Looking at a tutorial ref replacing bearings, they state that some BBs have this tophat bearing cover, some a flat bearing cover. I just can't believe there is a piece of plastic between the bearing and the spindle.
If it wasnt there, the spindle slops about in the bearing.

Someone out there must have stripped these before ???

Is this the reason Megaexo BBs are regarded as crud ?

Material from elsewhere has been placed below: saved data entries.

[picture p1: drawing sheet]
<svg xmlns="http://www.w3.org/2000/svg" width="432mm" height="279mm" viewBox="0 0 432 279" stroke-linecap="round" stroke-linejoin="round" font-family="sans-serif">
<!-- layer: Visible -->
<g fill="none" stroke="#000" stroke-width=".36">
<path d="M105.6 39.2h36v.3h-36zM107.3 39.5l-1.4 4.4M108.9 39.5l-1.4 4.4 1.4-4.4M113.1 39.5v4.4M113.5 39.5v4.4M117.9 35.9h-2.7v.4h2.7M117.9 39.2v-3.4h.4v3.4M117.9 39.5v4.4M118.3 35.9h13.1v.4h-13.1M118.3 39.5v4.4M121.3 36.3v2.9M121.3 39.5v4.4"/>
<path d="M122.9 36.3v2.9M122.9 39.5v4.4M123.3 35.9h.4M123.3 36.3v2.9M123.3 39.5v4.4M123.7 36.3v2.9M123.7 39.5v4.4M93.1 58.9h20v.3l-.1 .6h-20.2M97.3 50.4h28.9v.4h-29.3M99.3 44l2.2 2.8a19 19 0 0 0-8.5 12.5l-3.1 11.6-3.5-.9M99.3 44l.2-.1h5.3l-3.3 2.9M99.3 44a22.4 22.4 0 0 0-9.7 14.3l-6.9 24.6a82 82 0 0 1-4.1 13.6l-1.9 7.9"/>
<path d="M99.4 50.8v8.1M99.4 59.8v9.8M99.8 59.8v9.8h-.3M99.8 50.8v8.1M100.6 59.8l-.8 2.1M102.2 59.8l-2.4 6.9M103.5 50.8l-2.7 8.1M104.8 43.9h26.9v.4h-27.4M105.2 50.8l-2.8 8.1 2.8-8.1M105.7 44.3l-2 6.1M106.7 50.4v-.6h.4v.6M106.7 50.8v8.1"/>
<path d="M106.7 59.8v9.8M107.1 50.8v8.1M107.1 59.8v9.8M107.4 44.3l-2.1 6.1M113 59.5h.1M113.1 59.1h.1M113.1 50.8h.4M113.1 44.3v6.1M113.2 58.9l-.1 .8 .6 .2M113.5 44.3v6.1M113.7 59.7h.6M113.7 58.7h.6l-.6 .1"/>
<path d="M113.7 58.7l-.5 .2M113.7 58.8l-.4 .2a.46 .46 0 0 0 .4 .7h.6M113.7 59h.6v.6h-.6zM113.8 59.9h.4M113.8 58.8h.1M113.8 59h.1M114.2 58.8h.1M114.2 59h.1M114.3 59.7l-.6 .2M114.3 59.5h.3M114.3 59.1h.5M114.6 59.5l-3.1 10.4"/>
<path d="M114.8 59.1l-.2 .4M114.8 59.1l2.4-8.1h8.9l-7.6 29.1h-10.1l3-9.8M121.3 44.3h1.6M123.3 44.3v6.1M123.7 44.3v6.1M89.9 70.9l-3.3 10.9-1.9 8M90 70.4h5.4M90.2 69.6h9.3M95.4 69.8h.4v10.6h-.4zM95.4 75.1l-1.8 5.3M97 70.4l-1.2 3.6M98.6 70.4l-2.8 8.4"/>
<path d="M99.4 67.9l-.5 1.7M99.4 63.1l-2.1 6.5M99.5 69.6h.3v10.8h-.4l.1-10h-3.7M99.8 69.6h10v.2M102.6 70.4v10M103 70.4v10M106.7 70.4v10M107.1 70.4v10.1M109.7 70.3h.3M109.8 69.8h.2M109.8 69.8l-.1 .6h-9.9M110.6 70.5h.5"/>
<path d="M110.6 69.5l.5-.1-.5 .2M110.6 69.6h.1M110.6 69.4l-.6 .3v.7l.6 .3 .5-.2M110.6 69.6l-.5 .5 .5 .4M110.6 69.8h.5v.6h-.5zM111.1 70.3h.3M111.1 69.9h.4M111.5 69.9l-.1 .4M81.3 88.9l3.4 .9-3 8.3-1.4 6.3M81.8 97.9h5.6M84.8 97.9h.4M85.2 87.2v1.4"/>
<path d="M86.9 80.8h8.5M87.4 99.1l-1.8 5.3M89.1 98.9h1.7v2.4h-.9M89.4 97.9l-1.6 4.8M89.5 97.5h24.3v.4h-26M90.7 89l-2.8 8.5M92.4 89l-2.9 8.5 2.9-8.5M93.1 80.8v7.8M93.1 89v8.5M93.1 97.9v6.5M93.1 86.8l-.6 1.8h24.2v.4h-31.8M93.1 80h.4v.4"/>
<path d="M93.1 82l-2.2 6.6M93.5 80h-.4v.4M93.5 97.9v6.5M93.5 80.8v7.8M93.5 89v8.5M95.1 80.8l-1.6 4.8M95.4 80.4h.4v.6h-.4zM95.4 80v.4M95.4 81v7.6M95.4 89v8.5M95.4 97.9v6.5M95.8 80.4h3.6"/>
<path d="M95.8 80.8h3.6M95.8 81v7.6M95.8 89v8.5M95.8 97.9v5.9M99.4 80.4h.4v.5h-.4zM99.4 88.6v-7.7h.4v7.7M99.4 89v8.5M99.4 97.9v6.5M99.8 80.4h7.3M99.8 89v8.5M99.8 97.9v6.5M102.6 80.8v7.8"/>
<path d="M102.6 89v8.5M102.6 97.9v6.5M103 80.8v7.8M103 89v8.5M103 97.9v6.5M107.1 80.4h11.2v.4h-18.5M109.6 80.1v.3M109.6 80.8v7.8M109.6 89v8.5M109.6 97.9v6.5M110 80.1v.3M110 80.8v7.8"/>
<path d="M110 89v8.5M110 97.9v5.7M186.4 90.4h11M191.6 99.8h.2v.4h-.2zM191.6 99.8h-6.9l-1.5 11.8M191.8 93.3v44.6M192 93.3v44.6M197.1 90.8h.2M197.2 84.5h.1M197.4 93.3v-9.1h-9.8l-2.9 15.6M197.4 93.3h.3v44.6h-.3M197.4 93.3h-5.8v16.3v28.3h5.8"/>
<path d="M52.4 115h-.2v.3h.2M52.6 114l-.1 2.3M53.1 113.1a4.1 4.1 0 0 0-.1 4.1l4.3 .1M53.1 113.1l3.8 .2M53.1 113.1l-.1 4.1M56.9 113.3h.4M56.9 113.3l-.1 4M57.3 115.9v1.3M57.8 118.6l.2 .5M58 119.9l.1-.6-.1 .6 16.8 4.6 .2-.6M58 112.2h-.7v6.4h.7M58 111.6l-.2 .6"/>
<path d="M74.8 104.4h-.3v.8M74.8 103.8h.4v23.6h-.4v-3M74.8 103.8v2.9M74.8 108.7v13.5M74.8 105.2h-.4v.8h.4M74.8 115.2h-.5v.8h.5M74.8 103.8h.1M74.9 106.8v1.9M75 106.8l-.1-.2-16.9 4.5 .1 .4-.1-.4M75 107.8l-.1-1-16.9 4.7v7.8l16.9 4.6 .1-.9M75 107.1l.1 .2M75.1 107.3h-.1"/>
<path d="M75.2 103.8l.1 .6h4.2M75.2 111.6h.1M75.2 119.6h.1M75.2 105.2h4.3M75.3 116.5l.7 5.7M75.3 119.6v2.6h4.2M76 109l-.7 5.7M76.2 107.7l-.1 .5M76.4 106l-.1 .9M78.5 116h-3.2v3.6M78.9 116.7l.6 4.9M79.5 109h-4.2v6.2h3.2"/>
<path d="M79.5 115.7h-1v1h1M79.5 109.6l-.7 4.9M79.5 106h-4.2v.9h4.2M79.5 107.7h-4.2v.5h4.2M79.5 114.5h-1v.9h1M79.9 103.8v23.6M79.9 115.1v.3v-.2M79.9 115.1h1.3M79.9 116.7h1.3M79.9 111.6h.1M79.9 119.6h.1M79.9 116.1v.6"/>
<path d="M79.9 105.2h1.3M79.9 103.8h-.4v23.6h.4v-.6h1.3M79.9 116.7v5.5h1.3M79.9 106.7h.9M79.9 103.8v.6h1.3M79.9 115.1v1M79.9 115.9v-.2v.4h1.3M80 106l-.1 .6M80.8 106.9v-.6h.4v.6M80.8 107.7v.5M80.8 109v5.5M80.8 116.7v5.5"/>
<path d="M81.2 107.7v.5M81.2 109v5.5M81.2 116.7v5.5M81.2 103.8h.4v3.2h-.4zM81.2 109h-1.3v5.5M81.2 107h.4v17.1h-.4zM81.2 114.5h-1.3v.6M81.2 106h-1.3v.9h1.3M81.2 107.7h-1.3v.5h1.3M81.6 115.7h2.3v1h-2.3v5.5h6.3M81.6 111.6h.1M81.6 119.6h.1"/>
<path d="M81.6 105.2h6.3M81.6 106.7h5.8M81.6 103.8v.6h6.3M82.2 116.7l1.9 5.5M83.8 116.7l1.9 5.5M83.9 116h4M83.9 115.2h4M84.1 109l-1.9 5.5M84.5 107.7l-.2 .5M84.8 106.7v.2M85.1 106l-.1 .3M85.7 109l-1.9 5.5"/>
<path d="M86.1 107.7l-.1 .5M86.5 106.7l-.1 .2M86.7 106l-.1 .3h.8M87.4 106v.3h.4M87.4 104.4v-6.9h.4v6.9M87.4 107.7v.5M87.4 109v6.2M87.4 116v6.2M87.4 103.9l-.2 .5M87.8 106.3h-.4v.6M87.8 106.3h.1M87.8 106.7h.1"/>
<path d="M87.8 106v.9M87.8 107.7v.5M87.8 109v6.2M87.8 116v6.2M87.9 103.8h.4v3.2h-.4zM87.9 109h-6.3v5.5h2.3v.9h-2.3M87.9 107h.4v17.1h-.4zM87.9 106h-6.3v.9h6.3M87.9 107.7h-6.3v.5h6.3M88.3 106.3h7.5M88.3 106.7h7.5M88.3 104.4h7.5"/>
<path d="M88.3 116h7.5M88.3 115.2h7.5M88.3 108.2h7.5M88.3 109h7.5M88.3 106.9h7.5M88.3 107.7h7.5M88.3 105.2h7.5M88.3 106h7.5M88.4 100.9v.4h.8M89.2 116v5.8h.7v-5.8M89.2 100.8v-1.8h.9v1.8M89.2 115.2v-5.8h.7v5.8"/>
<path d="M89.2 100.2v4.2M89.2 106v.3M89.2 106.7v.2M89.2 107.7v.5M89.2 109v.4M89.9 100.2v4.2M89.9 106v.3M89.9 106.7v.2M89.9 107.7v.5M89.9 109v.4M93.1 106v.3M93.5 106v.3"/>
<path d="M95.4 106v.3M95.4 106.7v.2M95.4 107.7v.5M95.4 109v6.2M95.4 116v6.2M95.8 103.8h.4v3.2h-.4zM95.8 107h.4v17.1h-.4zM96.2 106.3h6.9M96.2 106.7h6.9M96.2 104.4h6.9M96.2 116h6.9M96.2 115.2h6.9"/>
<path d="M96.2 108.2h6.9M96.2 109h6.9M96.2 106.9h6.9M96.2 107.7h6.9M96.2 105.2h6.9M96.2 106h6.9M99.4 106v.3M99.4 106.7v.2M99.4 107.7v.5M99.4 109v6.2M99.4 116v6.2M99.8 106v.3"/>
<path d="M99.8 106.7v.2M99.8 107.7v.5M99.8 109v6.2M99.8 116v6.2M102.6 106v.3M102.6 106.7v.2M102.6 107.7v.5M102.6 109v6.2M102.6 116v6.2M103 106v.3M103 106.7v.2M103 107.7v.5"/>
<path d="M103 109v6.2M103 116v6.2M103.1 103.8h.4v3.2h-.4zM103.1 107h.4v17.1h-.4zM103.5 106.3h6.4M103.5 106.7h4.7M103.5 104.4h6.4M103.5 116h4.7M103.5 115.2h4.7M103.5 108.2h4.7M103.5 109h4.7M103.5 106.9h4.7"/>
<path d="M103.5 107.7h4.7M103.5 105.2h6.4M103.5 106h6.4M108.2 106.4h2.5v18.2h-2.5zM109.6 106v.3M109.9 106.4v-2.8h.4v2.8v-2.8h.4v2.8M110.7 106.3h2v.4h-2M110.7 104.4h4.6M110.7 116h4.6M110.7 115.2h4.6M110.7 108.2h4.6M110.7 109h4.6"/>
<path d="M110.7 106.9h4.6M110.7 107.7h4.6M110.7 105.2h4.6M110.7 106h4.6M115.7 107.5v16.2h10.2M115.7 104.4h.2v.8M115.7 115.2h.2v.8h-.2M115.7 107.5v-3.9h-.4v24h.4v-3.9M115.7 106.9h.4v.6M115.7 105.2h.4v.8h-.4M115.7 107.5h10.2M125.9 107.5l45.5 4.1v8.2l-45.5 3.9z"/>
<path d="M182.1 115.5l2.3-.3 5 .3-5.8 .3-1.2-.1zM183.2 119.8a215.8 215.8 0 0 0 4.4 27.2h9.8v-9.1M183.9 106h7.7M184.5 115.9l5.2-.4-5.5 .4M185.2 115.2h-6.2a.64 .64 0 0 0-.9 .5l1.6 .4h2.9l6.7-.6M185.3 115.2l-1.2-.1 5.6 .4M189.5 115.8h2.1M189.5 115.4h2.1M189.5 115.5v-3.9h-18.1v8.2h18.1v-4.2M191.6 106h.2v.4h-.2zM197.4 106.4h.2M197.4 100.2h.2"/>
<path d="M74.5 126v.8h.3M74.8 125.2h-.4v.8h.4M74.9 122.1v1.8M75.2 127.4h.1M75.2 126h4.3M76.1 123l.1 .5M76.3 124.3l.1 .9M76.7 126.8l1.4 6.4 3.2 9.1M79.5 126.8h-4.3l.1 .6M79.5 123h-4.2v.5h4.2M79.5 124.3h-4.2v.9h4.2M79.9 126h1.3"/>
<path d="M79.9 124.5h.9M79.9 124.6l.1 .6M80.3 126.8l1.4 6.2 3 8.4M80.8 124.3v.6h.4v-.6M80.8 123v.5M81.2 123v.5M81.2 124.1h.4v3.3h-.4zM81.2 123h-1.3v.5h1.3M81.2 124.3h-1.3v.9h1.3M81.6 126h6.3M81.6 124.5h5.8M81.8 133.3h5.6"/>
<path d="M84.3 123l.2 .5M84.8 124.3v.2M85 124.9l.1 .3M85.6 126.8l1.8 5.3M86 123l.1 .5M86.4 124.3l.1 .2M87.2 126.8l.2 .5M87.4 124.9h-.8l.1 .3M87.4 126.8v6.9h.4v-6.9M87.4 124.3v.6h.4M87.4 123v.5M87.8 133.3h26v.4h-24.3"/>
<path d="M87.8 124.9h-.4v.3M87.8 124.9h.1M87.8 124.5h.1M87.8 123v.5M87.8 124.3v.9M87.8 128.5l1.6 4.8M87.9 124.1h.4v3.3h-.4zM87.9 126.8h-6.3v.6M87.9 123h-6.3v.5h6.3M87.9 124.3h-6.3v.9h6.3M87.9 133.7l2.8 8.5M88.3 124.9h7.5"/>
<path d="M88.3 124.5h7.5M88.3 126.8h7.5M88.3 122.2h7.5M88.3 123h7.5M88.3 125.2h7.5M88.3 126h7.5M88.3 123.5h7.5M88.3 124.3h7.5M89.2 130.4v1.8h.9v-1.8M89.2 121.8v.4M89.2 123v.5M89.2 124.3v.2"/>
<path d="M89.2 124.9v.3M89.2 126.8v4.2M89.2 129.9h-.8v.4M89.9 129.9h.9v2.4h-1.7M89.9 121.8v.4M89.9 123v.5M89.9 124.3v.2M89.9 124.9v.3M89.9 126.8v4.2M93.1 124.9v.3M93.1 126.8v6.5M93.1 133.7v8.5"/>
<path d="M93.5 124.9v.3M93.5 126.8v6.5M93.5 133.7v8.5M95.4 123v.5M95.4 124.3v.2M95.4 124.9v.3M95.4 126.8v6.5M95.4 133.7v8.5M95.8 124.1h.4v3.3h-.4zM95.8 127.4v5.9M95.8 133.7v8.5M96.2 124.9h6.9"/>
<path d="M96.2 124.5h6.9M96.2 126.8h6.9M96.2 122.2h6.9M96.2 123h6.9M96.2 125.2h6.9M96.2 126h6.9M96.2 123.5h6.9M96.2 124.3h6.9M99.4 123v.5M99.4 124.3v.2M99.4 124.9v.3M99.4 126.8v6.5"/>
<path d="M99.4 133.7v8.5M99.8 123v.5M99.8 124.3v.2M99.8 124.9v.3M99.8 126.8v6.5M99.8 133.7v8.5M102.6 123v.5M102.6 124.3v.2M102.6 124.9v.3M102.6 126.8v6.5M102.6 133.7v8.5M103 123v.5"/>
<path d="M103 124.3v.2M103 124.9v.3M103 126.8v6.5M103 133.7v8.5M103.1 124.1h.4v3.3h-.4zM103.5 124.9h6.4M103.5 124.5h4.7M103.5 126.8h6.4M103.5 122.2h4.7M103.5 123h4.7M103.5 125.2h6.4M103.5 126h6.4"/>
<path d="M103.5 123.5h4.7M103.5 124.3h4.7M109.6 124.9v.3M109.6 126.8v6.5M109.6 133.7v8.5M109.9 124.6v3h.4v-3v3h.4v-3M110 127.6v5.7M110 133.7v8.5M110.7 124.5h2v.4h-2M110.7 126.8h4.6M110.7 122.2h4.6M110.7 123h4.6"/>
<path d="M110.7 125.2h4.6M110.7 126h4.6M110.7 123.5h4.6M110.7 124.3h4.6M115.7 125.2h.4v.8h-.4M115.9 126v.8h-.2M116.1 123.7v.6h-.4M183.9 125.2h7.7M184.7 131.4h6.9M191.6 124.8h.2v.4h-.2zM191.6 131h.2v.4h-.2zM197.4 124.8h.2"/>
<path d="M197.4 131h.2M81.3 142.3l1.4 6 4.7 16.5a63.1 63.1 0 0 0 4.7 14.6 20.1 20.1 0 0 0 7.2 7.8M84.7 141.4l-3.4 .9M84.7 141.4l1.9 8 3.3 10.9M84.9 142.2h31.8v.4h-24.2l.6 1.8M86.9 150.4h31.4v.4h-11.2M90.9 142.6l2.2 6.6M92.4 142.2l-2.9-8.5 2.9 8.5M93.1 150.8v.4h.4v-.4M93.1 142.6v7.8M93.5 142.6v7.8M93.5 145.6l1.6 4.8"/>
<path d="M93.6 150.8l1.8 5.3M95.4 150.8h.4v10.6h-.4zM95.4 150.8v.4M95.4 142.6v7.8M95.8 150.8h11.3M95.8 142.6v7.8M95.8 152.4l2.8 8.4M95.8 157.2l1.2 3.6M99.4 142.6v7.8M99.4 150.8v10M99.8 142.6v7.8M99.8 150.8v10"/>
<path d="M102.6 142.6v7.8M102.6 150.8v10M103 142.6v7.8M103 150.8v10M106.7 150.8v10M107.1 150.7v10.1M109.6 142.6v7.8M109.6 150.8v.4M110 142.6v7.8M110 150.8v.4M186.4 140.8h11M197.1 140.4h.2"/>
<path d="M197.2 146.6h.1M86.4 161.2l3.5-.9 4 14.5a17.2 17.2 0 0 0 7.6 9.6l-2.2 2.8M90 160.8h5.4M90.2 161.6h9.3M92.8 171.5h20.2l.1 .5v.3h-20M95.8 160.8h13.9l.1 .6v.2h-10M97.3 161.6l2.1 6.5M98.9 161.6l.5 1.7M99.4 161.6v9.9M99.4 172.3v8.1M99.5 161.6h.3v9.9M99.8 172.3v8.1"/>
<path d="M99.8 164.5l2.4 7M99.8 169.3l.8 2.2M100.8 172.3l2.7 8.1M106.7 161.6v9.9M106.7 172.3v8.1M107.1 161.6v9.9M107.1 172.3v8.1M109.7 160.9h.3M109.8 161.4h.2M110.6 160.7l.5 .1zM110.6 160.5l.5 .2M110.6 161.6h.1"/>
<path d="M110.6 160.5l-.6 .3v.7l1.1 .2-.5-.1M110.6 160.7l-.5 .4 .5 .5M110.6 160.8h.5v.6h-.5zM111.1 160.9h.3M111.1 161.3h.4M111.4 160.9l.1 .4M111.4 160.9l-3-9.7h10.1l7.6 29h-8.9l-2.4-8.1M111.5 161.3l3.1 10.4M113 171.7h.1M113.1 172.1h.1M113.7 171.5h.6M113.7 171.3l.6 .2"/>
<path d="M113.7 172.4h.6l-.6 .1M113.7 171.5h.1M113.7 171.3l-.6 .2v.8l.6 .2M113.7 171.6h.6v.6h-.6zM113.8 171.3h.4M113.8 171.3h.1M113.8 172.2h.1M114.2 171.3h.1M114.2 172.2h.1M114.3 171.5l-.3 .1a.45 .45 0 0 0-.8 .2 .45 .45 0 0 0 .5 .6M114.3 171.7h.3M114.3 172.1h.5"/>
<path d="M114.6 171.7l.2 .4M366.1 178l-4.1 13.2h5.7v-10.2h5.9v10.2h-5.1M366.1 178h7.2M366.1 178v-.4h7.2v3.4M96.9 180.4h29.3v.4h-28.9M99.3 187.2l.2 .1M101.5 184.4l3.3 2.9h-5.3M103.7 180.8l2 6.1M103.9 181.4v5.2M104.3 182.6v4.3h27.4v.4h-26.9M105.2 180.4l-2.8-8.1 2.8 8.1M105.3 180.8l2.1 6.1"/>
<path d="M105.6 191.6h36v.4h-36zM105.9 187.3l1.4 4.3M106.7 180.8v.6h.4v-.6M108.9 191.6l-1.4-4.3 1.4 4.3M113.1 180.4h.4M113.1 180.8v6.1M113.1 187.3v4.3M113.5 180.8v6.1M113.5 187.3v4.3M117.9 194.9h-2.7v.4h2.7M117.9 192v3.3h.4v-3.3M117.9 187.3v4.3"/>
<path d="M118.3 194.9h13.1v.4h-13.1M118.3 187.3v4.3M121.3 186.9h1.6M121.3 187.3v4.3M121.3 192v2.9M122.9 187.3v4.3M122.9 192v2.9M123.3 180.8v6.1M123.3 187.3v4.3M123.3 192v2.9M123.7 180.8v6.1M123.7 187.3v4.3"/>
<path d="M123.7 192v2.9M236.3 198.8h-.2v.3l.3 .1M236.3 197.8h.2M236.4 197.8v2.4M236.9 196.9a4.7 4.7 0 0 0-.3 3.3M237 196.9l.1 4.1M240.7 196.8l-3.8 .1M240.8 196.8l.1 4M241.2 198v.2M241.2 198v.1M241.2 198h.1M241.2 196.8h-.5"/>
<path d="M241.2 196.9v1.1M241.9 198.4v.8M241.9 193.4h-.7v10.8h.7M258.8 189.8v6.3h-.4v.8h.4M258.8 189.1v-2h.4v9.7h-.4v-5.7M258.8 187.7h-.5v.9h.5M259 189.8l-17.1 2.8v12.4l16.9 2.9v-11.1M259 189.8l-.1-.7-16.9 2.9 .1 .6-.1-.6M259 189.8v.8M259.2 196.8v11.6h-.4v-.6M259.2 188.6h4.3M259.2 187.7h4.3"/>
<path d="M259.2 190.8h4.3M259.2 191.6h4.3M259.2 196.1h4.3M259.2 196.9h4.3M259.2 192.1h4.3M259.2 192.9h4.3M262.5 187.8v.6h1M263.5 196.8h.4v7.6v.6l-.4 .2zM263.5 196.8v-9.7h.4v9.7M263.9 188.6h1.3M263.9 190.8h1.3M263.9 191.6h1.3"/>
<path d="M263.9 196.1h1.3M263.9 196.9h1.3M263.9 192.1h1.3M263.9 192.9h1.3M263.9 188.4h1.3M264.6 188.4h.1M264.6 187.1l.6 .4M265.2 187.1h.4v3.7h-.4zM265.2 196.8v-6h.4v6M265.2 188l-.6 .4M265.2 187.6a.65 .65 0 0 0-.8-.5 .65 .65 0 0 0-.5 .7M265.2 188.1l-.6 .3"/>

Bikes off the road now, so any input appreciated. I want to get it up and running ASAP. Bearings are no problem...just want to get anyones thoughts.
 
OP
OP
gbb

gbb

Squire
Location
Peterborough
Update...5 minutes after my last post :biggrin:
I really wonder how many people replace the whole BB when its just the tophat washer thats cream crackered !!!
Just looked at the non drive side...bearing spins ok ish (there's a tiny bit of roughness), the driveside bearing runs ok. There's no play evident in the bearings at all, not that would allow the crank to wobble.

I'm looking at it...now i can see whats happened. The non drive side tophat cover has split and allowed the tophat section (basically its now a piece of tube) to fall into the BB cavity. So the crank now slops in the bearing because there's nothing to support it.
I reckon a pair of new bearing covers will sort it. I'll flip out the actual bearing seals and flush and regrease them.
All i have to do now is find someone that sells the tophat covers.

It could be that i spend maybe £5 to £10 for some new covers...as opposed to £40 to £50 for a new BB.

Any thoughts still appreciated.

Edited to say...£6.90, postage included for two new covers from UKbikestore. I'll keep you posted once they come. Could be a cheap fix.
 
OP
OP
gbb

gbb

Squire
Location
Peterborough
Just musing really..
Tophat bearing covers came promptly from UKbikestore...many thanks to them.
Obviously, to get the bearings out of the cups, you're supposed to have a special extractor..no doubt expensive, so i've fabricated my own (in about 15 mintes :biggrin: ). No big deal with the right materials ...basically a short length of steel tube with the same OD as the cups, a large heavy washer at the bottom, a bolt and nut, and another heavy washer that sits inside the cup and on top of the bearing. The theory of extracting blind bearings is simple enough, its what i do at work with bearings in conveyor rollers. I'll post some pics later, it extracted the bearings very easily. I'll just reverse the assembly to install the new bearings.
Hopefully, with the help of a friend in the industrial supplies industry, i'm getting some hybrid ceramic bearings to upgrade the cups at cost price.
The bearings are 6804-2RS (standard) or 6804-2RZ (IIRC..or maybe 2RW) which have low friction seals, or the ceramic hybrids which are the best obviously.
Alternatively you can get 61804 deep groove bearings which reputedly have a longer service life, so plenty of options.

You can buy the standard bearings for less than £2 each !!!! so you could replace bearings and covers for less than £10.

Most people couldnt be bothered with the faffing about, but i love a challenge.